# How long do left behind bees live after a cut out?



## tommyt (Aug 7, 2010)

taxonomy said:


> . So, how long will these few remain active?


I tell the home owner a few days at most a week 
If you close it up real good and spray a little bee-quick the bees won't smell as much
of the old hive area and will disperse quicker

Either way they will leave within a week IMHO


----------



## hemichuck (Oct 27, 2009)

I like to do my cutouts around dark so that most of the bees are there so I dont leave a lot of stragglers. Sometimes I will return after dark(if its not too far away) and get the rest of the bees who at this point are all huddled together in a corner and easy to get.


----------



## Maddox65804 (Dec 29, 2011)

If all combs are removed and the entrance is sealed so the bees cannot get back in, then the stragglers have no food or house bees to maintain them. They will either leave or starve to death in a couple of days.

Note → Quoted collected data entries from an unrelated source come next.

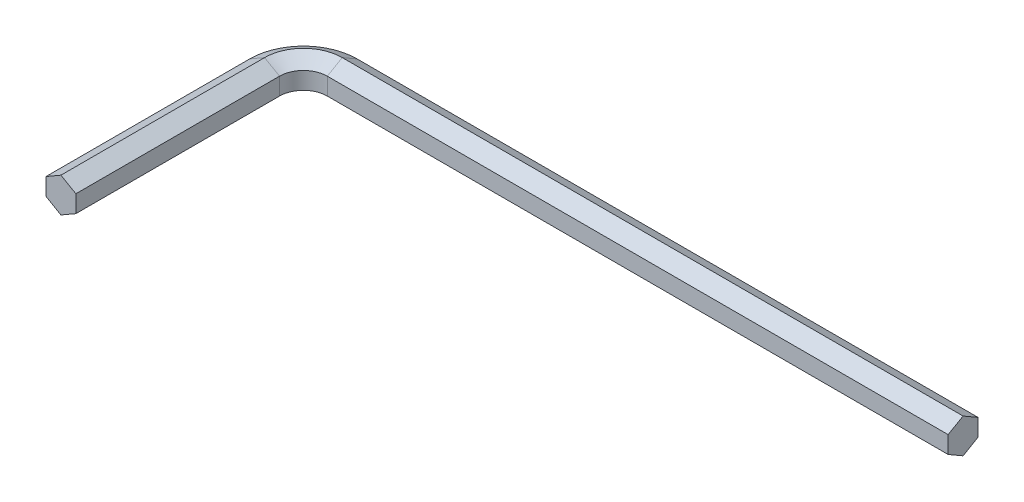
ISO-10303-21;
HEADER;
FILE_DESCRIPTION(('STEP AP214'),'2;1');
FILE_NAME('part.step','',(''),(''),'','','');
FILE_SCHEMA(('AUTOMOTIVE_DESIGN { 1 0 10303 214 1 1 1 1 }'));
ENDSEC;
DATA;
#1=APPLICATION_CONTEXT('core data for automotive mechanical design processes');
#2=APPLICATION_PROTOCOL_DEFINITION('international standard','automotive_design',2000,#1);
#3=PRODUCT_CONTEXT('',#1,'mechanical');
#4=PRODUCT('Part','Part','',(#3));
#5=PRODUCT_RELATED_PRODUCT_CATEGORY('part','',(#4));
#6=PRODUCT_DEFINITION_FORMATION('','',#4);
#7=PRODUCT_DEFINITION_CONTEXT('part definition',#1,'design');
#8=PRODUCT_DEFINITION('design','',#6,#7);
#9=PRODUCT_DEFINITION_SHAPE('','',#8);
#10=(LENGTH_UNIT() NAMED_UNIT(*) SI_UNIT(.MILLI.,.METRE.));
#11=(NAMED_UNIT(*) PLANE_ANGLE_UNIT() SI_UNIT($,.RADIAN.));
#12=(NAMED_UNIT(*) SI_UNIT($,.STERADIAN.) SOLID_ANGLE_UNIT());
#13=UNCERTAINTY_MEASURE_WITH_UNIT(LENGTH_MEASURE(1.E-05),#10,'distance_accuracy_value','');
#14=(GEOMETRIC_REPRESENTATION_CONTEXT(3) GLOBAL_UNCERTAINTY_ASSIGNED_CONTEXT((#13)) GLOBAL_UNIT_ASSIGNED_CONTEXT((#10,
#11,#12)) REPRESENTATION_CONTEXT('',''));
#15=CARTESIAN_POINT('',(0.,0.,0.));
#16=DIRECTION('',(0.,0.,1.));
#17=DIRECTION('',(1.,0.,0.));
#18=AXIS2_PLACEMENT_3D('',#15,#16,#17);
#19=CARTESIAN_POINT('',(-53.975,1.44337567297406,2.00000000000001));
#20=DIRECTION('',(-1.,0.,0.));
#21=DIRECTION('',(0.,-1.,0.));
#22=AXIS2_PLACEMENT_3D('',#19,#20,#21);
#23=PLANE('',#22);
#24=DIRECTION('',(0.,-1.,0.));
#25=VECTOR('',#24,1.);
#26=CARTESIAN_POINT('',(-53.975,1.44337567297406,2.00000000000001));
#27=LINE('',#26,#25);
#28=CARTESIAN_POINT('',(-53.975,1.44337567297406,2.00000000000001));
#29=VERTEX_POINT('',#28);
#30=CARTESIAN_POINT('',(-53.975,0.,2.00000000000001));
#31=VERTEX_POINT('',#30);
#32=EDGE_CURVE('E135',#29,#31,#27,.T.);
#33=ORIENTED_EDGE('',*,*,#32,.F.);
#34=DIRECTION('',(0.,0.,1.));
#35=VECTOR('',#34,1.);
#36=CARTESIAN_POINT('',(-53.975,1.44337567297406,2.00000000000001));
#37=LINE('',#36,#35);
#38=CARTESIAN_POINT('',(-53.975,1.44337567297406,19.05));
#39=VERTEX_POINT('',#38);
#40=EDGE_CURVE('E40',#29,#39,#37,.T.);
#41=ORIENTED_EDGE('',*,*,#40,.T.);
#42=DIRECTION('',(0.,-1.,0.));
#43=VECTOR('',#42,1.);
#44=CARTESIAN_POINT('',(-53.975,1.44337567297406,19.05));
#45=LINE('',#44,#43);
#46=CARTESIAN_POINT('',(-53.975,0.,19.05));
#47=VERTEX_POINT('',#46);
#48=EDGE_CURVE('E47',#39,#47,#45,.T.);
#49=ORIENTED_EDGE('',*,*,#48,.T.);
#50=DIRECTION('',(0.,0.,1.));
#51=VECTOR('',#50,1.);
#52=CARTESIAN_POINT('',(-53.975,0.,2.00000000000001));
#53=LINE('',#52,#51);
#54=EDGE_CURVE('E11',#31,#47,#53,.T.);
#55=ORIENTED_EDGE('',*,*,#54,.F.);
#56=EDGE_LOOP('',(#33,#41,#49,#55));
#57=FACE_BOUND('',#56,.T.);
#58=ADVANCED_FACE('F33',(#57),#23,.F.);
#59=CARTESIAN_POINT('',(-55.225,2.1650635094611,2.00000000000001));
#60=DIRECTION('',(-0.5,-0.866025403784439,0.));
#61=DIRECTION('',(0.866025403784439,-0.5,0.));
#62=AXIS2_PLACEMENT_3D('',#59,#60,#61);
#63=PLANE('',#62);
#64=DIRECTION('',(0.866025403784439,-0.5,0.));
#65=VECTOR('',#64,1.);
#66=CARTESIAN_POINT('',(-55.225,2.1650635094611,2.00000000000001));
#67=LINE('',#66,#65);
#68=CARTESIAN_POINT('',(-55.225,2.1650635094611,2.00000000000001));
#69=VERTEX_POINT('',#68);
#70=EDGE_CURVE('E203',#69,#29,#67,.T.);
#71=ORIENTED_EDGE('',*,*,#70,.F.);
#72=DIRECTION('',(0.,0.,1.));
#73=VECTOR('',#72,1.);
#74=CARTESIAN_POINT('',(-55.225,2.1650635094611,2.00000000000001));
#75=LINE('',#74,#73);
#76=CARTESIAN_POINT('',(-55.225,2.1650635094611,19.05));
#77=VERTEX_POINT('',#76);
#78=EDGE_CURVE('E239',#69,#77,#75,.T.);
#79=ORIENTED_EDGE('',*,*,#78,.T.);
#80=DIRECTION('',(0.866025403784439,-0.5,0.));
#81=VECTOR('',#80,1.);
#82=CARTESIAN_POINT('',(-55.225,2.1650635094611,19.05));
#83=LINE('',#82,#81);
#84=EDGE_CURVE('E55',#77,#39,#83,.T.);
#85=ORIENTED_EDGE('',*,*,#84,.T.);
#86=ORIENTED_EDGE('',*,*,#40,.F.);
#87=EDGE_LOOP('',(#71,#79,#85,#86));
#88=FACE_BOUND('',#87,.T.);
#89=ADVANCED_FACE('F242',(#88),#63,.F.);
#90=CARTESIAN_POINT('',(-56.475,1.44337567297406,2.00000000000001));
#91=DIRECTION('',(0.5,-0.866025403784439,0.));
#92=DIRECTION('',(0.866025403784439,0.5,0.));
#93=AXIS2_PLACEMENT_3D('',#90,#91,#92);
#94=PLANE('',#93);
#95=DIRECTION('',(0.866025403784439,0.5,0.));
#96=VECTOR('',#95,1.);
#97=CARTESIAN_POINT('',(-56.475,1.44337567297406,2.00000000000001));
#98=LINE('',#97,#96);
#99=CARTESIAN_POINT('',(-56.475,1.44337567297406,2.00000000000001));
#100=VERTEX_POINT('',#99);
#101=EDGE_CURVE('E200',#100,#69,#98,.T.);
#102=ORIENTED_EDGE('',*,*,#101,.F.);
#103=DIRECTION('',(0.,0.,1.));
#104=VECTOR('',#103,1.);
#105=CARTESIAN_POINT('',(-56.475,1.44337567297406,2.00000000000001));
#106=LINE('',#105,#104);
#107=CARTESIAN_POINT('',(-56.475,1.44337567297406,19.05));
#108=VERTEX_POINT('',#107);
#109=EDGE_CURVE('E236',#100,#108,#106,.T.);
#110=ORIENTED_EDGE('',*,*,#109,.T.);
#111=DIRECTION('',(0.866025403784439,0.5,0.));
#112=VECTOR('',#111,1.);
#113=CARTESIAN_POINT('',(-56.475,1.44337567297406,19.05));
#114=LINE('',#113,#112);
#115=EDGE_CURVE('E226',#108,#77,#114,.T.);
#116=ORIENTED_EDGE('',*,*,#115,.T.);
#117=ORIENTED_EDGE('',*,*,#78,.F.);
#118=EDGE_LOOP('',(#102,#110,#116,#117));
#119=FACE_BOUND('',#118,.T.);
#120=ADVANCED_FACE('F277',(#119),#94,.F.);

I have had bees from other hives checking out my removals. They may persist longer because they can return to the hive every night and return every day until they figure out the honey is not going to continue. They may persist for a week or so depending on how messy the removal was.

I have never been able to spray bee-quick in teh cavity because it's smell is so persistent it offends the homeowner. I have had very good success by sealing up the cavity with screen and expanding foam/silicone so the bees cannot get back in.


----------



## Mr.Beeman (May 19, 2012)

I typically leave the hive there a week or so near the original entrance. I then pick them up at night when they are all inside. Works well.


----------